Sudanese Warring Parties’ Access To New Foreign-Made Weapons and Equipment

 Sudanese armed forces with an unexploded, one-way attack drone from the Rapid Support Forces recovered from an attack on a government building in Gedaref, Sudan, July 11, 2024.

Human Rights Watch a analysé 49 photos et vidéos, la plupart apparemment filmées par des combattants des deux camps et publiées sur les plateformes de médias sociaux Facebook, Telegram, TikTok et X (ex-Twitter), montrant des armes utilisées ou capturées lors du conflit. Parmi les équipements apparemment nouveaux identifiés par Human Rights Watch figurent des drones armés, des brouilleurs de drones, des missiles guidés antichars, des lance-roquettes multi-tubes montés sur des camions, ainsi que des munitions de mortier ; ces armes ont été fabriquées par des entreprises enregistrées en Chine, en Iran, en Russie, en Serbie et aux Émirats arabes unis. Human Rights Watch n’a pas été en mesure d’établir comment les parties belligérantes ont acquis ces nouveaux équipements.

Les nouvelles preuves visuelles concernant des équipements que les belligérants soudanais ne possédaient manifestement pas auparavant, et les preuves de leur utilisation, suggèrent que les parties belligérantes ont acquis certaines armes et des équipements après le début en avril 2023 de l’actuel conflit. Dans un cas, les numéros de série visibles sur des munitions indiquent que celles-ci ont été fabriquées en 2023.

Depuis le début du conflit entre les forces SAF et les forces RSF au Soudan en avril 2023, d’innombrables civils ont été tués, des millions de personnes ont été déplacées à l’intérieur du pays et des millions d’habitants sont confrontées à la famine. Les SAF ainsi que les RSF pourraient utiliser ces armes et équipements pour continuer à commettre des crimes de guerre et d’autres violations graves des droits humains, non seulement au Darfour, mais dans tout le pays.

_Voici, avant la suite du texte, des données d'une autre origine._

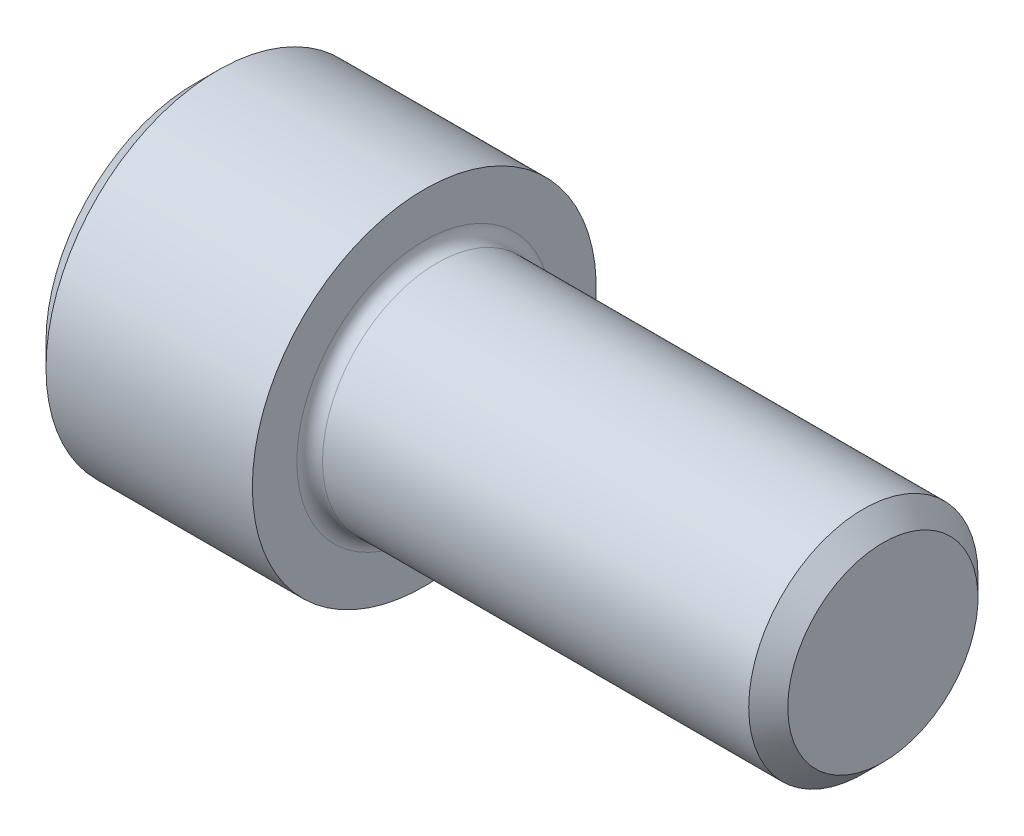
ISO-10303-21;
HEADER;
FILE_DESCRIPTION(('STEP AP214'),'2;1');
FILE_NAME('part.step','',(''),(''),'','','');
FILE_SCHEMA(('AUTOMOTIVE_DESIGN { 1 0 10303 214 1 1 1 1 }'));
ENDSEC;
DATA;
#1=APPLICATION_CONTEXT('core data for automotive mechanical design processes');
#2=APPLICATION_PROTOCOL_DEFINITION('international standard','automotive_design',2000,#1);
#3=PRODUCT_CONTEXT('',#1,'mechanical');
#4=PRODUCT('Part','Part','',(#3));
#5=PRODUCT_RELATED_PRODUCT_CATEGORY('part','',(#4));
#6=PRODUCT_DEFINITION_FORMATION('','',#4);
#7=PRODUCT_DEFINITION_CONTEXT('part definition',#1,'design');
#8=PRODUCT_DEFINITION('design','',#6,#7);
#9=PRODUCT_DEFINITION_SHAPE('','',#8);
#10=(LENGTH_UNIT() NAMED_UNIT(*) SI_UNIT(.MILLI.,.METRE.));
#11=(NAMED_UNIT(*) PLANE_ANGLE_UNIT() SI_UNIT($,.RADIAN.));
#12=(NAMED_UNIT(*) SI_UNIT($,.STERADIAN.) SOLID_ANGLE_UNIT());
#13=UNCERTAINTY_MEASURE_WITH_UNIT(LENGTH_MEASURE(1.E-05),#10,'distance_accuracy_value','');
#14=(GEOMETRIC_REPRESENTATION_CONTEXT(3) GLOBAL_UNCERTAINTY_ASSIGNED_CONTEXT((#13)) GLOBAL_UNIT_ASSIGNED_CONTEXT((#10,
#11,#12)) REPRESENTATION_CONTEXT('',''));
#15=CARTESIAN_POINT('',(0.,0.,0.));
#16=DIRECTION('',(0.,0.,1.));
#17=DIRECTION('',(1.,0.,0.));
#18=AXIS2_PLACEMENT_3D('',#15,#16,#17);
#19=CARTESIAN_POINT('',(-63.4945596151415,1.19648436429998,1.97705780897195));
#20=DIRECTION('',(-1.,0.,0.));
#21=DIRECTION('',(0.,0.,1.));
#22=AXIS2_PLACEMENT_3D('',#19,#20,#21);
#23=PLANE('',#22);
#24=DIRECTION('',(0.,-0.499999999999998,0.86602540378444));
#25=VECTOR('',#24,1.);
#26=CARTESIAN_POINT('',(-63.4945596151415,3.94611502131557,1.97705780897194));
#27=LINE('',#26,#25);
#28=CARTESIAN_POINT('',(-63.4945596151415,3.94611502131557,1.97705780897194));
#29=VERTEX_POINT('',#28);
#30=CARTESIAN_POINT('',(-63.4945596151415,2.57129969280778,4.35830780897194));
#31=VERTEX_POINT('',#30);
#32=EDGE_CURVE('E362',#29,#31,#27,.T.);
#33=ORIENTED_EDGE('',*,*,#32,.T.);
#34=DIRECTION('',(0.,1.,0.));
#35=VECTOR('',#34,1.);
#36=CARTESIAN_POINT('',(-63.4945596151415,-0.178330964207809,4.35830780897195));
#37=LINE('',#36,#35);
#38=CARTESIAN_POINT('',(-63.4945596151415,-0.178330964207809,4.35830780897195));
#39=VERTEX_POINT('',#38);
#40=EDGE_CURVE('E112',#39,#31,#37,.T.);
#41=ORIENTED_EDGE('',*,*,#40,.F.);
#42=DIRECTION('',(0.,-0.500000000000001,-0.866025403784438));
#43=VECTOR('',#42,1.);
#44=CARTESIAN_POINT('',(-63.4945596151415,-0.178330964207809,4.35830780897195));
#45=LINE('',#44,#43);
#46=CARTESIAN_POINT('',(-63.4945596151415,-1.55314629271561,1.97705780897195));
#47=VERTEX_POINT('',#46);
#48=EDGE_CURVE('E365',#39,#47,#45,.T.);
#49=ORIENTED_EDGE('',*,*,#48,.T.);
#50=DIRECTION('',(0.,0.499999999999998,-0.86602540378444));
#51=VECTOR('',#50,1.);
#52=CARTESIAN_POINT('',(-63.4945596151415,-1.55314629271561,1.97705780897195));
#53=LINE('',#52,#51);
#54=CARTESIAN_POINT('',(-63.4945596151415,-0.178330964207817,-0.404192191028052));
#55=VERTEX_POINT('',#54);
#56=EDGE_CURVE('E368',#47,#55,#53,.T.);
#57=ORIENTED_EDGE('',*,*,#56,.T.);
#58=DIRECTION('',(0.,-1.,0.));
#59=VECTOR('',#58,1.);
#60=CARTESIAN_POINT('',(-63.4945596151415,2.57129969280777,-0.404192191028056));
#61=LINE('',#60,#59);
#62=CARTESIAN_POINT('',(-63.4945596151415,2.57129969280777,-0.404192191028056));
#63=VERTEX_POINT('',#62);
#64=EDGE_CURVE('E371',#63,#55,#61,.T.);
#65=ORIENTED_EDGE('',*,*,#64,.F.);
#66=DIRECTION('',(0.,-0.500000000000001,-0.866025403784438));
#67=VECTOR('',#66,1.);
#68=CARTESIAN_POINT('',(-63.4945596151415,3.94611502131557,1.97705780897194));
#69=LINE('',#68,#67);
#70=EDGE_CURVE('E107',#29,#63,#69,.T.);
#71=ORIENTED_EDGE('',*,*,#70,.F.);
#72=EDGE_LOOP('',(#33,#41,#49,#57,#65,#71));
#73=FACE_BOUND('',#72,.T.);
#74=CARTESIAN_POINT('',(-63.4945596151415,1.19648436429998,1.97705780897195));
#75=DIRECTION('',(-1.,0.,0.));
#76=DIRECTION('',(0.,0.,1.));
#77=AXIS2_PLACEMENT_3D('',#74,#75,#76);
#78=CIRCLE('',#77,4.1275);
#79=CARTESIAN_POINT('',(-63.4945596151415,1.19648436429998,6.10455780897195));
#80=VERTEX_POINT('',#79);
#81=EDGE_CURVE('E123',#80,#80,#78,.T.);
#82=ORIENTED_EDGE('',*,*,#81,.T.);
#83=EDGE_LOOP('',(#82));
#84=FACE_BOUND('',#83,.T.);
#85=ADVANCED_FACE('F16',(#73,#84),#23,.T.);
#86=CARTESIAN_POINT('',(-44.4445596151415,3.83046436429998,1.97705780897195));
#87=DIRECTION('',(1.,0.,0.));
#88=DIRECTION('',(0.,0.,-1.));
#89=AXIS2_PLACEMENT_3D('',#86,#87,#88);
#90=PLANE('',#89);
#91=CARTESIAN_POINT('',(-44.4445596151415,1.19648436429998,1.97705780897195));
#92=DIRECTION('',(-1.,0.,0.));
#93=DIRECTION('',(0.,0.,1.));
#94=AXIS2_PLACEMENT_3D('',#91,#92,#93);
#95=CIRCLE('',#94,2.63398);
#96=CARTESIAN_POINT('',(-44.4445596151415,1.19648436429998,4.61103780897195));
#97=VERTEX_POINT('',#96);
#98=EDGE_CURVE('E136',#97,#97,#95,.T.);
#99=ORIENTED_EDGE('',*,*,#98,.F.);
#100=EDGE_LOOP('',(#99));
#101=FACE_BOUND('',#100,.T.);
#102=ADVANCED_FACE('F158',(#101),#90,.T.);
#103=CARTESIAN_POINT('',(-44.4445596151415,1.19648436429998,1.97705780897195));
#104=DIRECTION('',(-1.,0.,0.));
#105=DIRECTION('',(0.,0.,1.));
#106=AXIS2_PLACEMENT_3D('',#103,#104,#105);
#107=CONICAL_SURFACE('',#106,2.63398,0.785398163397382);
#108=CARTESIAN_POINT('',(-44.9855796151416,1.19648436429998,1.97705780897195));
#109=DIRECTION('',(-1.,0.,0.));
#110=DIRECTION('',(0.,0.,1.));
#111=AXIS2_PLACEMENT_3D('',#108,#109,#110);
#112=CIRCLE('',#111,3.17499999999995);
#113=CARTESIAN_POINT('',(-44.9855796151416,1.19648436429998,5.1520578089719));
#114=VERTEX_POINT('',#113);
#115=EDGE_CURVE('E133',#114,#114,#112,.T.);
#116=ORIENTED_EDGE('',*,*,#115,.F.);
#117=EDGE_LOOP('',(#116));
#118=FACE_BOUND('',#117,.T.);
#119=ORIENTED_EDGE('',*,*,#98,.T.);
#120=EDGE_LOOP('',(#119));
#121=FACE_BOUND('',#120,.T.);
#122=ADVANCED_FACE('F164',(#118,#121),#107,.T.);
#123=CARTESIAN_POINT('',(-95.2445596151415,1.19648436429998,1.97705780897195));
#124=DIRECTION('',(-1.,0.,0.));
#125=DIRECTION('',(0.,0.,1.));
#126=AXIS2_PLACEMENT_3D('',#123,#124,#125);
#127=CYLINDRICAL_SURFACE('',#126,3.17499999999998);
#128=CARTESIAN_POINT('',(-56.7889596151415,1.19648436429998,1.97705780897195));
#129=DIRECTION('',(1.,0.,0.));
#130=DIRECTION('',(0.,0.,-1.));
#131=AXIS2_PLACEMENT_3D('',#128,#129,#130);
#132=CIRCLE('',#131,3.17499999999998);
#133=CARTESIAN_POINT('',(-56.7889596151415,1.19648436429998,-1.19794219102803));
#134=VERTEX_POINT('',#133);
#135=EDGE_CURVE('E11',#134,#134,#132,.T.);
#136=ORIENTED_EDGE('',*,*,#135,.T.);
#137=EDGE_LOOP('',(#136));
#138=FACE_BOUND('',#137,.T.);
#139=ORIENTED_EDGE('',*,*,#115,.T.);
#140=EDGE_LOOP('',(#139));
#141=FACE_BOUND('',#140,.T.);
#142=ADVANCED_FACE('F175',(#138,#141),#127,.T.);
#143=CARTESIAN_POINT('',(-57.1445596151415,5.95898436429998,1.97705780897195));
#144=DIRECTION('',(1.,0.,0.));
#145=DIRECTION('',(0.,0.,-1.));
#146=AXIS2_PLACEMENT_3D('',#143,#144,#145);
#147=PLANE('',#146);
#148=CARTESIAN_POINT('',(-57.1445596151415,1.19648436429998,1.97705780897195));
#149=DIRECTION('',(1.,0.,0.));
#150=DIRECTION('',(0.,0.,-1.));
#151=AXIS2_PLACEMENT_3D('',#148,#149,#150);
#152=CIRCLE('',#151,3.53059999999998);
#153=CARTESIAN_POINT('',(-57.1445596151415,1.19648436429998,-1.55354219102803));
#154=VERTEX_POINT('',#153);
#155=EDGE_CURVE('E24',#154,#154,#152,.F.);
#156=ORIENTED_EDGE('',*,*,#155,.T.);
#157=EDGE_LOOP('',(#156));
#158=FACE_BOUND('',#157,.T.);
#159=CARTESIAN_POINT('',(-57.1445596151415,1.19648436429998,1.97705780897195));
#160=DIRECTION('',(-1.,0.,0.));
#161=DIRECTION('',(0.,0.,1.));
#162=AXIS2_PLACEMENT_3D('',#159,#160,#161);
#163=CIRCLE('',#162,4.7625);
#164=CARTESIAN_POINT('',(-57.1445596151415,1.19648436429998,6.73955780897195));
#165=VERTEX_POINT('',#164);
#166=EDGE_CURVE('E130',#165,#165,#163,.T.);
#167=ORIENTED_EDGE('',*,*,#166,.F.);
#168=EDGE_LOOP('',(#167));
#169=FACE_BOUND('',#168,.T.);
#170=ADVANCED_FACE('F141',(#158,#169),#147,.T.);
#171=CARTESIAN_POINT('',(-95.2445596151415,1.19648436429998,1.97705780897195));
#172=DIRECTION('',(-1.,0.,0.));
#173=DIRECTION('',(0.,0.,1.));
#174=AXIS2_PLACEMENT_3D('',#171,#172,#173);
#175=CYLINDRICAL_SURFACE('',#174,4.7625);
#176=ORIENTED_EDGE('',*,*,#166,.T.);
#177=EDGE_LOOP('',(#176));
#178=FACE_BOUND('',#177,.T.);
#179=CARTESIAN_POINT('',(-62.8595596151415,1.19648436429998,1.97705780897195));
#180=DIRECTION('',(-1.,0.,0.));
#181=DIRECTION('',(0.,0.,1.));
#182=AXIS2_PLACEMENT_3D('',#179,#180,#181);
#183=CIRCLE('',#182,4.7625);
#184=CARTESIAN_POINT('',(-62.8595596151415,1.19648436429998,6.73955780897195));
#185=VERTEX_POINT('',#184);
#186=EDGE_CURVE('E127',#185,#185,#183,.T.);
#187=ORIENTED_EDGE('',*,*,#186,.F.);
#188=EDGE_LOOP('',(#187));
#189=FACE_BOUND('',#188,.T.);
#190=ADVANCED_FACE('F153',(#178,#189),#175,.T.);
#191=CARTESIAN_POINT('',(-63.4945596151415,1.19648436429998,1.97705780897195));
#192=DIRECTION('',(1.,0.,0.));
#193=DIRECTION('',(0.,0.,-1.));
#194=AXIS2_PLACEMENT_3D('',#191,#192,#193);
#195=CONICAL_SURFACE('',#194,4.1275,0.785398163397448);
#196=ORIENTED_EDGE('',*,*,#186,.T.);
#197=EDGE_LOOP('',(#196));
#198=FACE_BOUND('',#197,.T.);
#199=ORIENTED_EDGE('',*,*,#81,.F.);
#200=EDGE_LOOP('',(#199));
#201=FACE_BOUND('',#200,.T.);
#202=ADVANCED_FACE('F145',(#198,#201),#195,.T.);
#203=CARTESIAN_POINT('',(-56.7889596151415,1.19648436429998,1.97705780897195));
#204=DIRECTION('',(1.,0.,0.));
#205=DIRECTION('',(0.,0.,-1.));
#206=AXIS2_PLACEMENT_3D('',#203,#204,#205);
#207=TOROIDAL_SURFACE('',#206,3.53059999999998,0.3556);
#208=ORIENTED_EDGE('',*,*,#135,.F.);
#209=EDGE_LOOP('',(#208));
#210=FACE_BOUND('',#209,.T.);
#211=ORIENTED_EDGE('',*,*,#155,.F.);
#212=EDGE_LOOP('',(#211));
#213=FACE_BOUND('',#212,.T.);
#214=ADVANCED_FACE('F18',(#210,#213),#207,.F.);
#215=CARTESIAN_POINT('',(-60.4465596151415,3.94611502131557,1.97705780897194));
#216=DIRECTION('',(0.,-0.86602540378444,-0.499999999999998));
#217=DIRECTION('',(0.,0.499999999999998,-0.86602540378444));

Le Conseil de sécurité des Nations Unies a prévu de se réunir le 11 septembre, pour décider s’il convient de reconduire ou non le régime de sanctions contre le Soudan, qui interdit le transfert d’équipements militaires vers la région du Darfour. Le régime de sanctions a été établi en 2004, lorsque le Darfour était l’épicentre d’un conflit marqué par des violations généralisées des droits humains, des crimes de guerre et un nettoyage ethnique. Depuis avril 2023, le nouveau conflit touche la plupart des États soudanais, mais les membres du Conseil de sécurité n’ont pas encore pris de mesures pour étendre l’embargo sur les armes à l’ensemble du pays.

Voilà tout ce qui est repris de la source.